# How to retrieve a lost cutter



## OldSchool (Jan 30, 2010)

Found this on youtube


----------



## Sewer Saint (May 5, 2012)

And this demonstrates why you should never, ever use a pigtail cutter. I either throw them away or cut them in half and just use the first circle.


----------



## spartanfan (May 24, 2012)

cool vid! Been there done that cameras are very useful tools!


----------



## 89plumbum (May 14, 2011)

Nice!


----------



## victoryplbaz (May 19, 2012)

Good video!


----------



## Protech (Sep 22, 2008)

Pipe needs to be relined. Better yet, replaced.


----------



## ChrisConnor (Dec 31, 2009)

Meh. With better tools it could have been done without the camera.


----------



## SewerRatz (Apr 25, 2009)

I retrived many cabls and cutters that people have lost in lines. And I did it all with out a camera.


----------



## johnlewismcleod (Apr 6, 2012)

I retrieved a set of keys that got flushed into plastic lines. The keys were 70' from the bathroom (eight stall Ladies Room) when I finally got onsite.

Without a camera I'd have had no chance at all, heh.

I impressed myself when I snagged them and brought them out. My new sissy K-50 earned it's stripes that evening :thumbsup:


----------



## AssTyme (May 15, 2010)

johnlewismcleod said:


> I retrieved a set of keys that got flushed into plastic lines. The keys were 70' from the bathroom (eight stall Ladies Room) when I finally got onsite.
> 
> Without a camera I'd have had no chance at all, heh.
> 
> I impressed myself when I snagged them and brought them out.
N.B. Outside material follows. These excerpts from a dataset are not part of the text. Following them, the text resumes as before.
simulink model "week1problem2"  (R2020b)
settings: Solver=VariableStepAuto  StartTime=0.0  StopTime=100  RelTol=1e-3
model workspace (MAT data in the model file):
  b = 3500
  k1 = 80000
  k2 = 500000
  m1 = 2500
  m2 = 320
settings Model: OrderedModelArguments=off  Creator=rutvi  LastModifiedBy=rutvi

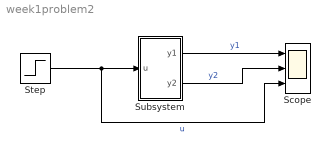
== system week1problem2 ==
  Scope : Scope  NumInputPorts=3
  Step : Step  SampleTime=0
  Subsystem : Subsystem
  wires:
  Step/1 -> Scope/3, Subsystem/1(u)  "u"
  Subsystem/1(y1) -> Scope/1  "y1"
  Subsystem/2(y2) -> Scope/2  "y2"

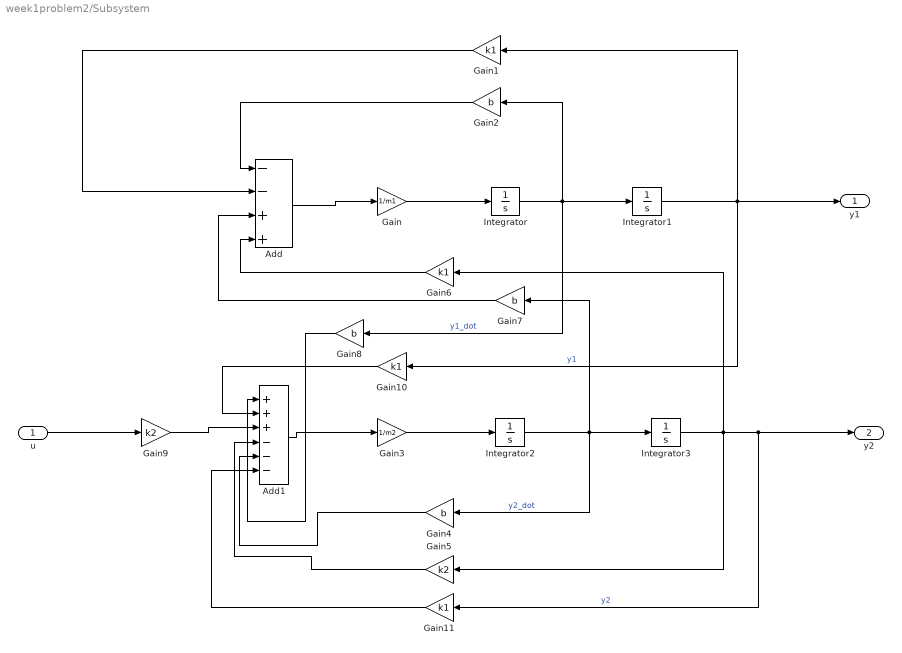
== system week1problem2/Subsystem ==
  u : Inport
  Add : Sum  Inputs=--++
  Add1 : Sum  Inputs=+++---
  Gain : Gain  Gain=1/m1
  Gain{1,6,10..11} (4 alike) : Gain  Gain=k1
  Gain{2,4,7..8} (4 alike) : Gain  Gain=b
  Gain3 : Gain  Gain=1/m2
  Gain5 : Gain  Gain=k2
  Gain9 : Gain  Gain=k2
  Integrator{,1..3} (4 alike) : Integrator
  y1 : Outport
  y2 : Outport  Port=2
  wires:
  Gain9/1 -> Add1/3
  Gain5/1 -> Add1/4
  Add1/1 -> Gain3/1
  Gain/1 -> Integrator/1
  u/1 -> Gain9/1
  Gain8/1 -> Add1/1
  Integrator3/1 -> Gain6/1, Gain5/1, y2/1, Gain11/1  "y2"
  Integrator2/1 -> Gain7/1, Gain4/1, Integrator3/1  "y2_dot"
  Gain10/1 -> Add1/2
  Gain2/1 -> Add/1
  Gain7/1 -> Add/3
  Gain11/1 -> Add1/6
  Integrator/1 -> Gain8/1, Gain2/1, Integrator1/1  "y1_dot"
  Integrator1/1 -> y1/1, Gain10/1, Gain1/1  "y1"
  Gain1/1 -> Add/2
  Gain6/1 -> Add/4
  Add/1 -> Gain/1
  Gain3/1 -> Integrator2/1
  Gain4/1 -> Add1/5
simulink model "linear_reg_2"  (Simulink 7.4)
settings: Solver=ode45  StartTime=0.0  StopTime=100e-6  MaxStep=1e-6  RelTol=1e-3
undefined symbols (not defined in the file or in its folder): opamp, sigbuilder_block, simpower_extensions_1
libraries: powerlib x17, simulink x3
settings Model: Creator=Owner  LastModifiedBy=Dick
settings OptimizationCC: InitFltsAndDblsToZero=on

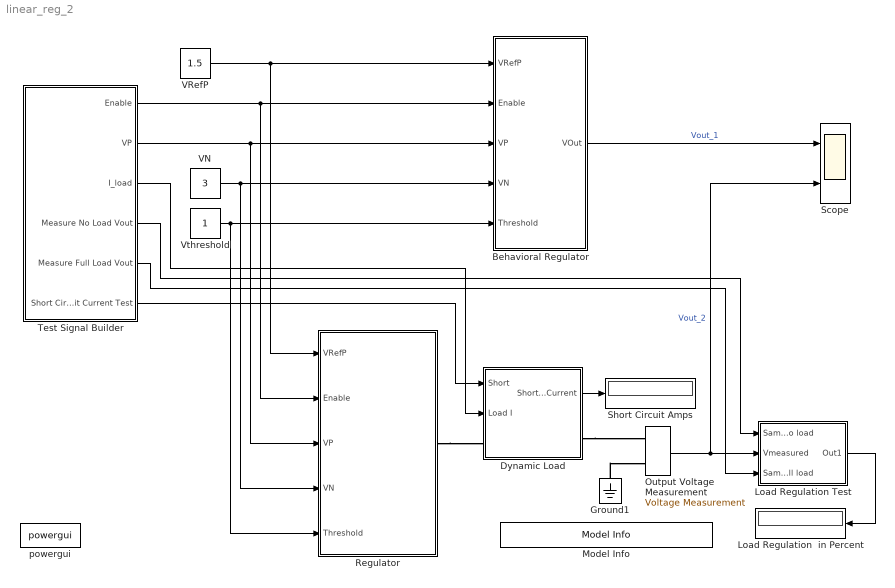
== system linear_reg_2 ==
  Behavioral Regulator : Subsystem
  Dynamic Load : Subsystem
  Ground1 : powerlib/Elements/Ground  DialogController=POWERSYS.PowerSysDialog  PhysicalDomain=powersysdomain  SubClassName=unknown  LeftPortType=p1  RightPortType=p1  LConnTagsString=a
  Load Regulation  in Percent : Display
  Load Regulation Test : Subsystem
  Model Info : simulink/Model-Wide Utilities/Model Info  SystemSampleTime=-1  InitialBlockCM=None  BlockCM=None  Frame=on  DisplayStringWithTags=Copywrite 2005-2010 The MathWorks, Inc.  HorizontalTextAlignment=Center  LeftAlignmentValue=0.5  SourceBlockDiagram=linear_reg_2  TagMaxNumber=20
  Output Voltage  Measurement : powerlib/Measurements/Voltage Measurement  Tag=PoWeRsYsTeMmEaSuReMeNt  DialogController=POWERSYS.PowerSysDialog  SystemSampleTime=-1  PhasorSimulation=off  OutputType=Magnitude  PSBequivalent=0
  Regulator : Subsystem
  Scope : Scope  NumInputPorts=2
      settings: TimeRange=0.00012  YMin=-0.5~-0.5  YMax=3~3
  Short Circuit Amps : Display
  Test Signal Builder : Subsystem  Tag=STV Subsys  LoadFcn=sigbuilder_block('load',[69.75 144 537.75 378.75 ]);  StartFcn=sigbuilder_block('start');  StopFcn=sigbuilder_block('stop');  ClipboardFcn=sigbuilder_block('clipboard');  mask(Sigbuilder block){}
      mask help: Sigbuilder GUI
      mask init:
      | if ~strcmp(get_param(bdroot(gcbh),'SimulationStatus'),'stopped') tuvar = sigbuilder_block('maskInit'); end
      settings: CopyFcn=sigbuilder_block('copy');  DeleteFcn=sigbuilder_block('delete');  ModelCloseFcn=sigbuilder_block('modelClose');  PreSaveFcn=sigbuilder_block('preSave');  NameChangeFcn=sigbuilder_block('namechange');  OpenFcn=sigbuilder_block('open',[437.6 199.2 550.4 400 ]);  CloseFcn=sigbuilder_block('close');
      mask Display: plot(0,0,100,100,[10,10,40,40,10],[80,20,20,80,80],[40,10],[50,50], [40,27,10],[65,72,56],[40,25,25,10],[28,28,43,43]);
  VN : Constant  Value=3  OutDataType=sfix(16)  OutScaling=2^0
  VRefP : Constant  Value=1.5  OutDataType=sfix(16)  OutScaling=2^0
  Vthreshold : Constant  OutDataType=sfix(16)  OutScaling=2^0
  powergui : powerlib/powergui  SystemSampleTime=-1  SimulationMode=Continuous  SampleTime=0  frequency=60  SPID=off  DisableSnubberDevices=off  DisableRonSwitches=off  DisableVfSwitches=off  SwTol=0  Interpol=off  frequencyindice=0  echomessages=off  HookPort=off  DisplayEquations=off  FunctionMessages=off  EnableUseOfTLC=off  x0status=blocks  RestoreLinks=warning  Frange=[0:2:500]  Ylog=off  Xlog=on  ShowGrid=off  save=off  variable=ZData  ZoomFFT=on  StartTime=0.0  cycles=1  DisplayStyle=1  fundamental=60  FreqAxis=off  MaxFrequency=1000  frequencyindicesteady=1  RmsSteady=1  display=off  Ts=0  methode=off
  wires:
  Test Signal Builder/2(VP) -> Behavioral Regulator/3(VP), Regulator/3(VP)
  Test Signal Builder/1(Enable) -> Behavioral Regulator/2(Enable), Regulator/2(Enable)
  Vthreshold/1 -> Behavioral Regulator/5(Threshold), Regulator/5(Threshold)
  VRefP/1 -> Behavioral Regulator/1(VRefP), Regulator/1(VRefP)
  VN/1 -> Behavioral Regulator/4(VN), Regulator/4(VN)
  Behavioral Regulator/1(VOut) -> Scope/1  "Vout_1"
  Output Voltage  Measurement/1 -> Scope/2, Load Regulation Test/2(Vmeasured)  "Vout_2"
  Test Signal Builder/3(I_load) -> Dynamic Load/2(Load I)
  Test Signal Builder/5(Measure Full Load Vout) -> Load Regulation Test/3(Sample full load)
  Load Regulation Test/1(Out1) -> Load Regulation  in Percent/1
  Test Signal Builder/6(Short Circuit Current Test) -> Dynamic Load/1(Short)
  Dynamic Load/1(Short Circuit Current) -> Short Circuit Amps/1
  Test Signal Builder/4(Measure No Load Vout) -> Load Regulation Test/1(Sample no load)
  connections:
  Ground1/LConn1 -- Output Voltage  Measurement/LConn2
  Dynamic Load/RConn1 -- Output Voltage  Measurement/LConn1
  Regulator/RConn1 -- Dynamic Load/LConn1

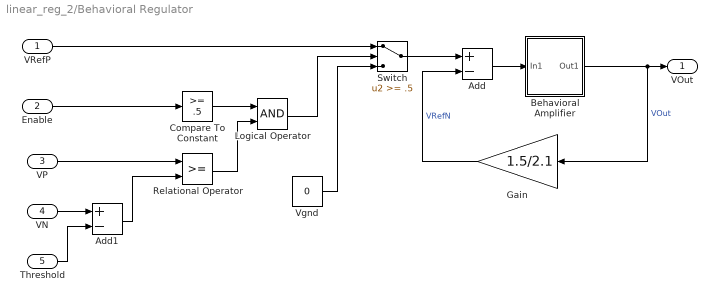
== system linear_reg_2/Behavioral Regulator ==
  VRefP : Inport
  Enable : Inport  Port=2
  VP : Inport  Port=3
  VN : Inport  Port=4
  Threshold : Inport  Port=5
  Add : Sum  Inputs=+-  OutDataType=sfix(16)  OutScaling=2^-10
  Add1 : Sum  Inputs=+-  OutDataType=sfix(16)  OutScaling=2^-10
  Behavioral Amplifier : Subsystem  mask{f2=2e5, f1=1e2, Av=4000, v_min=-3, v_max=3, slew_rate=2e9}
      mask prompts: f2 "break freq 2 in Hz"; f1 "break freq 1 in Hz"; Av "Av (voltage gain)"; v_min "Min Output"; v_max "Max Output"; slew_rate "slew rate (v/s)"
      mask Display: plot([0 1 0 0] , [1 0 -1 1 ]); text(0.15,0.4,'+'); text(0.15,-0.4,'-');
  Compare To Constant : simulink/Logic and Bit Operations/Compare To Constant  SystemSampleTime=-1  relop=>=  const=.5  LogicOutDataTypeMode=boolean  ZeroCross=off
  Gain : Gain  Gain=1.5/2.1  ParameterDataType=sfix(16)  ParameterScaling=2^0  OutDataType=sfix(16)  OutScaling=2^0
  Logical Operator : Logic  AllPortsSameDT=off  OutDataTypeMode=boolean  OutDataTypeStr=boolean
  Relational Operator : RelationalOperator  LogicOutDataTypeMode=boolean  OutDataTypeStr=boolean
  Switch : Switch  Threshold=.5  OutDataType=sfix(16)  OutScaling=2^0
  Vgnd : Constant  Value=0  OutDataType=sfix(16)  OutScaling=2^0
  VOut : Outport
  wires:
  Gain/1 -> Add/2  "VRefN"
  Behavioral Amplifier/1(Out1) -> Gain/1, VOut/1  "VOut"
  Vgnd/1 -> Switch/3
  Logical Operator/1 -> Switch/2
  Compare To Constant/1 -> Logical Operator/1
  Relational Operator/1 -> Logical Operator/2
  Add1/1 -> Relational Operator/2
  Add/1 -> Behavioral Amplifier/1(In1)
  Switch/1 -> Add/1
  VRefP/1 -> Switch/1
  Enable/1 -> Compare To Constant/1
  VP/1 -> Relational Operator/1
  VN/1 -> Add1/1
  Threshold/1 -> Add1/2

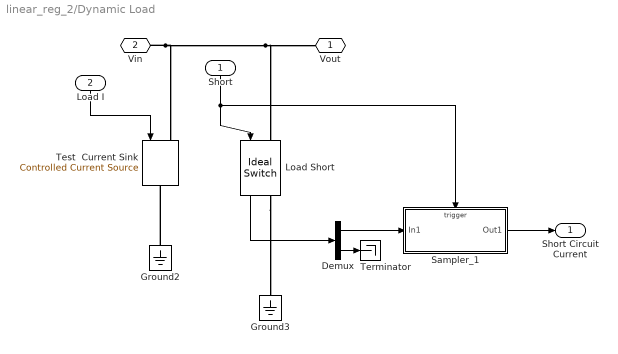
== system linear_reg_2/Dynamic Load ==
  Short : Inport
  Load I : Inport  Port=2
  Demux : Demux  Outputs=2
  Ground2 : powerlib/Elements/Ground  DialogController=POWERSYS.PowerSysDialog  PhysicalDomain=powersysdomain  SubClassName=unknown  LeftPortType=p1  RightPortType=p1  LConnTagsString=a
  Ground3 : powerlib/Elements/Ground  DialogController=POWERSYS.PowerSysDialog  PhysicalDomain=powersysdomain  SubClassName=unknown  LeftPortType=p1  RightPortType=p1  LConnTagsString=a
  Load Short : powerlib/Power Electronics/Ideal Switch  DialogController=POWERSYS.PowerSysDialog  SystemSampleTime=-1  Ron=0.001  Lon=0  IC=0  Rs=1e5  Cs=0  Measurements=on
  Sampler_1 : Subsystem
  Terminator : Terminator
  Test  Current Sink : powerlib/Electrical Sources/Controlled Current Source  DialogController=POWERSYS.PowerSysDialog  SystemSampleTime=-1  Initialize=off  Source_Type=DC  Amplitude=0  Phase=0  Frequency=0  Measurements=None
  Vout : PMIOPort  Port=1  Side=Right
  Vin : PMIOPort  Port=2  Side=Left
  Short Circuit Current : Outport  OutDataType=sfix(16)  OutScaling=2^0
  wires:
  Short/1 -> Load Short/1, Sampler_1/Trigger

My new sissy K-50 earned it's stripes that evening :thumbsup:




Did you snag them with the "reverse auger" ???


----------



## johnlewismcleod (Apr 6, 2012)

AssTyme said:


> Did you snag them with the "reverse auger" ???



Ridgid 63010 3" Funnel auger


----------



## DesertOkie (Jul 15, 2011)

He needs a hook. 

What are pigtail blades?


----------



## damnplumber (Jan 22, 2012)

*Bingo!*



johnlewismcleod said:


> Ridgid 63010 3" Funnel auger


No camera needed just use a retriever, quit messin' around and get back to work


----------



## gitnerdun (Nov 5, 2008)

I ziptied a magnet to the camera once to get a cutter blade out of CI. Easier than expected.


----------



## ChrisConnor (Dec 31, 2009)

gitnerdun said:


> I ziptied a magnet to the camera once to get a cutter blade out of CI. Easier than expected.


The magnet didn't interfere with the camera reception?


----------



## johnlewismcleod (Apr 6, 2012)

damnplumber said:


> No camera needed just use a retriever, quit messin' around and get back to work


You must have missed the part about the keys being 70+ feet down the line. I'd be amused to watch someone try to retrieve _that_ blind :laughing:


----------



## gitnerdun (Nov 5, 2008)

ChrisConnor said:


> The magnet didn't interfere with the camera reception?


NO, camera worked as normal. It was one of those telescopic strong magnets.

I had a customer who wanted a "stalagtite" removed from a pipelining job (done by others) removed. I've wondered about a cordless dremel type tool attached to the camera for that.....hmmmm

Doctors have something like that, right?


----------



## ChrisConnor (Dec 31, 2009)

gitnerdun said:


> NO, camera worked as normal. It was one of those telescopic strong magnets.
> 
> I had a customer who wanted a "stalagtite" removed from a pipelining job (done by others) removed. I've wondered about a cordless dremel type tool attached to the camera for that.....hmmmm
> 
> Doctors have something like that, right?


Doctors? Heck, plumbers do, haven't you seen those tractor driven cameras with robotic cutters on them?


----------



## evilcyrus (Apr 27, 2009)

I just lost my cuttr blade nut came off.. in the line.. no cluw were it is... im stressn.. got cut stack tommoorow n cam down and see.. i think its stck if so what di i do


----------



## Richard Hilliard (Apr 10, 2010)

any way to adjust the light at the end of that video. The shine off that head blinded me.


----------



## johnlewismcleod (Apr 6, 2012)

evilcyrus said:


> I just lost my cuttr blade nut came off.. in the line.. no cluw were it is... im stressn.. got cut stack tommoorow n cam down and see.. i think its stck if so what di i do


If it's stuck in a break it'll be time to dig, brother :yes:...but if your bolt came out of the cable, why do you think it's stuck?


----------



## evilcyrus (Apr 27, 2009)

I dunno man im stressd im sayn good bye to sewer mqchine n cam aftr this n just focusn on plumbn... i got to much onnplate right now... evils gonna break


----------



## evilcyrus (Apr 27, 2009)

It down a 3" line toilet run close to main... downstairs bathroom... i cnt go smashn fkoor up... thia wats killn me


----------



## 504Plumber (Jan 26, 2011)

Toilets in the uk must not be affected by california...

http://www.youtube.com/watch?v=3eZPCQB1Qyk&sns=em


----------



## johnlewismcleod (Apr 6, 2012)

evilcyrus said:


> It down a 3" line toilet run close to main... downstairs bathroom... i cnt go smashn fkoor up... thia wats killn me


If you've got enough cable you should be able to just push it into the main and forget about it...relax, brother...it's a minor mishap :yes:


----------